▶ [DATA PROVIDED]
· · ·

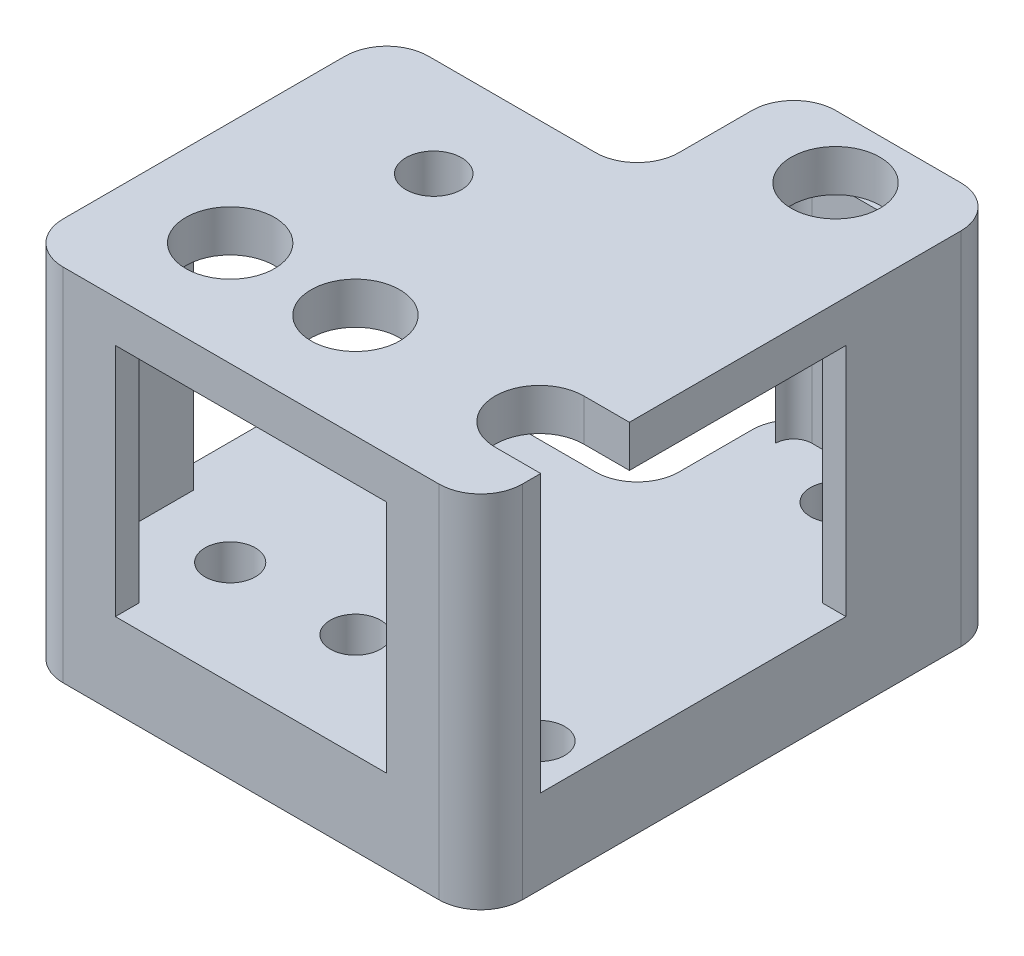
SolidWorks part; units mm, degrees
ref_plane "Front Plane" through (0, 0, 0) normal (0, 0, 1) x (1, 0, 0)
ref_plane "Top Plane" through (0, 0, 0) normal (0, 1, 0) x (1, 0, 0)
ref_plane "Right Plane" through (0, 0, 0) normal (1, 0, 0) x (0, 0, -1)
sketch "Sketch1" plane through (0, 0, 0) normal (0, 1, 0) x (1, 0, 0)
  line L0 (4, 0) -> (40, 0)
  line L1 (-55, 0) -> (55, 0) construction
  line L2 (44, 4) -> (44, 46)
  line L3 (40, 50) -> (28, 50)
  line L4 (24, 46) -> (24, 39)
  line L5 (20, 35) -> (4, 35)
  line L6 (0, -55) -> (0, 55) construction
  line L7 (0, 31) -> (0, 4)
  line L8 (24, 44) -> (44, 44) construction
  line L9 (42.05, 10) -> (44, 10) construction
  arc A0 (40, 0) -> (44, 4) centre (40, 4) ccw
  arc A1 (44, 46) -> (40, 50) centre (40, 46) ccw
  arc A2 (28, 50) -> (24, 46) centre (28, 46) ccw
  arc A3 (24, 39) -> (20, 35) centre (20, 39) cw
  arc A4 (4, 35) -> (0, 31) centre (4, 31) ccw
  arc A5 (0, 4) -> (4, 0) centre (4, 4) ccw
  circle A6 centre (34, 44) radius 2.4121
  circle A7 centre (14, 25.5) radius 2.6605
  circle A8 centre (10, 10) radius 2.4122
  circle A9 centre (22, 10) radius 2.4122
  circle A10 centre (39.6378, 10) radius 2.4122
  point P33 (34, 44)
  dimension "D4" = 4
  dimension "D6" = 4.8243
  dimension "D7" = 5.321
  dimension "D1" = 44
  dimension "D2" = 20
  dimension "D3" = 35
  dimension "D5" = 50
  dimension "D8" = 25.5
  dimension "D9" = 20
  dimension "D10" = 12
  dimension "D11" = 22
  dimension "D12" = 10
  dimension "D13" = 6
  dimension "D14" = 1.95
extrude "Boss-Extrude1" add sketch "Sketch1" along normal blind 8
sketch "Sketch2" plane through (0, 8, 0) normal (0, 1, 0) x (1, 0, 0)
  line L0 (4, 35) -> (20, 35)
  line L1 (24, 39) -> (24, 46)
  line L2 (28, 50) -> (40, 50)
  line L3 (44, 46) -> (44, 4)
  line L4 (-55, 0) -> (55, 0) construction
  line L5 (40, 0) -> (4, 0)
  line L6 (0, -55) -> (0, 55) construction
  line L7 (0, 4) -> (0, 31)
  line L9 (41.75, 46) -> (41.75, 4)
  line L10 (40, 2.25) -> (4, 2.25)
  line L11 (2.25, 4) -> (2.25, 31)
  line L12 (4, 32.75) -> (20, 32.75)
  line L13 (26.25, 39) -> (26.25, 46)
  line L14 (40, 47.75) -> (28, 47.75)
  arc A0 (20, 35) -> (24, 39) centre (20, 39) ccw
  arc A1 (24, 46) -> (28, 50) centre (28, 46) cw
  arc A2 (28, 50) -> (24, 46) centre (28, 46) ccw construction
  arc A3 (40, 50) -> (44, 46) centre (40, 46) cw
  arc A4 (44, 4) -> (40, 0) centre (40, 4) cw
  arc A5 (4, 0) -> (0, 4) centre (4, 4) cw
  arc A6 (4, 35) -> (0, 31) centre (4, 31) ccw construction
  arc A7 (0, 4) -> (4, 0) centre (4, 4) ccw construction
  arc A8 (40, 47.75) -> (41.75, 46) centre (40, 46) cw
  arc A9 (41.75, 4) -> (40, 2.25) centre (40, 4) cw
  arc A10 (4, 2.25) -> (2.25, 4) centre (4, 4) cw
  arc A11 (2.25, 31) -> (4, 32.75) centre (4, 31) cw
  arc A12 (20, 32.75) -> (26.25, 39) centre (20, 39) ccw
  arc A13 (28, 47.75) -> (26.25, 46) centre (28, 46) ccw
  arc A14 (4, 35) -> (0, 31) centre (4, 31) ccw
  dimension "D1" = 2.25
extrude "Boss-Extrude2" add sketch "Sketch2" along normal blind 22.5
sketch "Sketch3" plane through (0, 30.5, 0) normal (0, 1, 0) x (1, 0, 0)
  line L1 (40, 50) -> (28, 50) construction
  line L2 (26.25, 50) -> (14, 50)
  line L3 (14, 14.5) -> (0, 14.5)
  line L4 (14, 50) -> (14, 36.5)
  line L5 (3, 25.5) -> (0, 25.5)
  line L6 (0, -4.4) -> (0, 4.4) construction
  line L7 (0, 25.5) -> (0, 14.5)
  line L9 (26.25, 25.5) -> (26.25, 50)
  line L10 (26.25, 46) -> (26.25, 39) construction
  line L11 (25, 25.5) -> (26.25, 25.5)
  arc A0 (14, 14.5) -> (25, 25.5) centre (14, 25.5) ccw
  circle A1 centre (14, 25.5) radius 11 construction
  arc A2 (14, 36.5) -> (3, 25.5) centre (14, 25.5) ccw
  dimension "D1" = 22
  dimension "D2" = 22
extrude "Cut-Extrude1" cut sketch "Sketch3" against normal up to surface (22.5 mm away) up to face at (10, 8, -7.5878)
sketch "Sketch4" plane through (0, 30.5, 0) normal (0, 1, 0) x (1, 0, 0)
  line L0 (28, 50) -> (40, 50)
  line L1 (44, 46) -> (44, 4)
  line L2 (-4.4, 0) -> (4.4, 0) construction
  line L3 (40, 0) -> (4, 0)
  line L4 (0, -4.4) -> (0, 4.4) construction
  line L5 (0, 4) -> (0, 31)
  line L6 (4, 35) -> (20, 35)
  line L7 (24, 39) -> (24, 46)
  arc A0 (40, 50) -> (44, 46) centre (40, 46) cw
  arc A1 (44, 4) -> (40, 0) centre (40, 4) cw
  arc A2 (0, 4) -> (4, 0) centre (4, 4) ccw construction
  arc A3 (4, 0) -> (0, 4) centre (4, 4) cw
  arc A4 (4, 35) -> (0, 31) centre (4, 31) ccw construction
  arc A5 (0, 31) -> (4, 35) centre (4, 31) cw
  arc A6 (20, 35) -> (24, 39) centre (20, 39) ccw
  arc A7 (24, 46) -> (28, 50) centre (28, 46) cw
  circle A8 centre (34, 44) radius 4.25
  circle A9 centre (14, 25.5) radius 2.6605
  circle A10 centre (22, 10) radius 4.25
  circle A11 centre (10, 10) radius 4.25
  circle A12 centre (14, 25.5) radius 2.6605 construction
  circle A13 centre (39.6378, 10) radius 4.25
  dimension "D1" = 8.5
extrude "Boss-Extrude3" add sketch "Sketch4" along normal blind 4
sketch "Sketch5" plane through (0, 34.5, 0) normal (0, 1, 0) x (1, 0, 0)
  line L0 (39.6378, 14.25) -> (44, 14.25)
  line L1 (44, 4) -> (44, 46) construction
  line L2 (44, 14.25) -> (44, 5.75)
  line L3 (44, 5.75) -> (39.6378, 5.75)
  arc A0 (39.6378, 14.25) -> (39.6378, 5.75) centre (39.6378, 10) ccw
  circle A1 centre (39.6378, 10) radius 4.25 construction
  arc A2 (41.75, 6.312) -> (41.75, 13.688) centre (39.6378, 10) ccw construction
extrude "Cut-Extrude2" cut sketch "Sketch5" against normal up to surface (26.5 mm away) up to face at (19.1826, 8, -27.3211)
sketch "Sketch6" plane through (0, 8, 0) normal (0, 1, 0) x (1, 0, 0)
  circle A0 centre (14, 25.5) radius 10
  circle A1 centre (14, 25.5) radius 2.6605 construction
  dimension "D1" = 20
extrude "Boss-Extrude4" add sketch "Sketch6" along normal blind 6
sketch "Sketch7" plane through (0, 0, 0) normal (0, -1, 0) x (1, 0, 0)
  line L0 (4, -35) -> (20, -35)
  line L1 (20, -35) -> (20, -40)
  line L2 (20, -40) -> (4, -40)
  line L3 (4, -40) -> (4, -35)
  circle A0 centre (14, -25.5) radius 2.6605
  circle A1 centre (14, -25.5) radius 2.6605 construction
  dimension "D1" = 5
extrude "Cut-Extrude3" cut sketch "Sketch7" against normal through all
sketch "Sketch8" plane through (44, 0, 0) normal (1, 0, 0) x (0, 0, -1)
  line L0 (14.25, 8) -> (14.25, 34.5) construction
  line L1 (14.25, 30.5) -> (35, 30.5)
  line L2 (14.25, 30.5) -> (14.25, 8)
  line L3 (14.25, 8) -> (35, 8)
  line L4 (35, 30.5) -> (35, 8)
  line L5 (5.75, 30.5) -> (14.25, 30.5) construction
  line L6 (14.25, 8) -> (5.75, 8) construction
  line L8 (35, 30.5) -> (35, 8) construction
extrude "Cut-Extrude4" cut sketch "Sketch8" against normal through all
sketch "Sketch9" plane through (0, 0, 0) normal (0, 0, 1) x (1, 0, 0)
  line L1 (9, 30.5) -> (35, 30.5)
  line L2 (9, 30.5) -> (9, 8)
  line L3 (9, 8) -> (35, 8)
  line L4 (35, 30.5) -> (35, 8)
  line L5 (40, 8) -> (28, 8) construction
  line L6 (39.6378, 30.5) -> (44, 30.5) construction
  line L7 (4, 34.5) -> (4, 0) construction
  line L8 (40, 34.5) -> (40, 0) construction
  dimension "D1" = 5
  dimension "D2" = 5
extrude "Cut-Extrude5" cut sketch "Sketch9" against normal up to surface (2.25 mm away) up to face at (22, 19.25, -2.25)

· · ·

Only a number is wanted: how many lines above include "away"?

3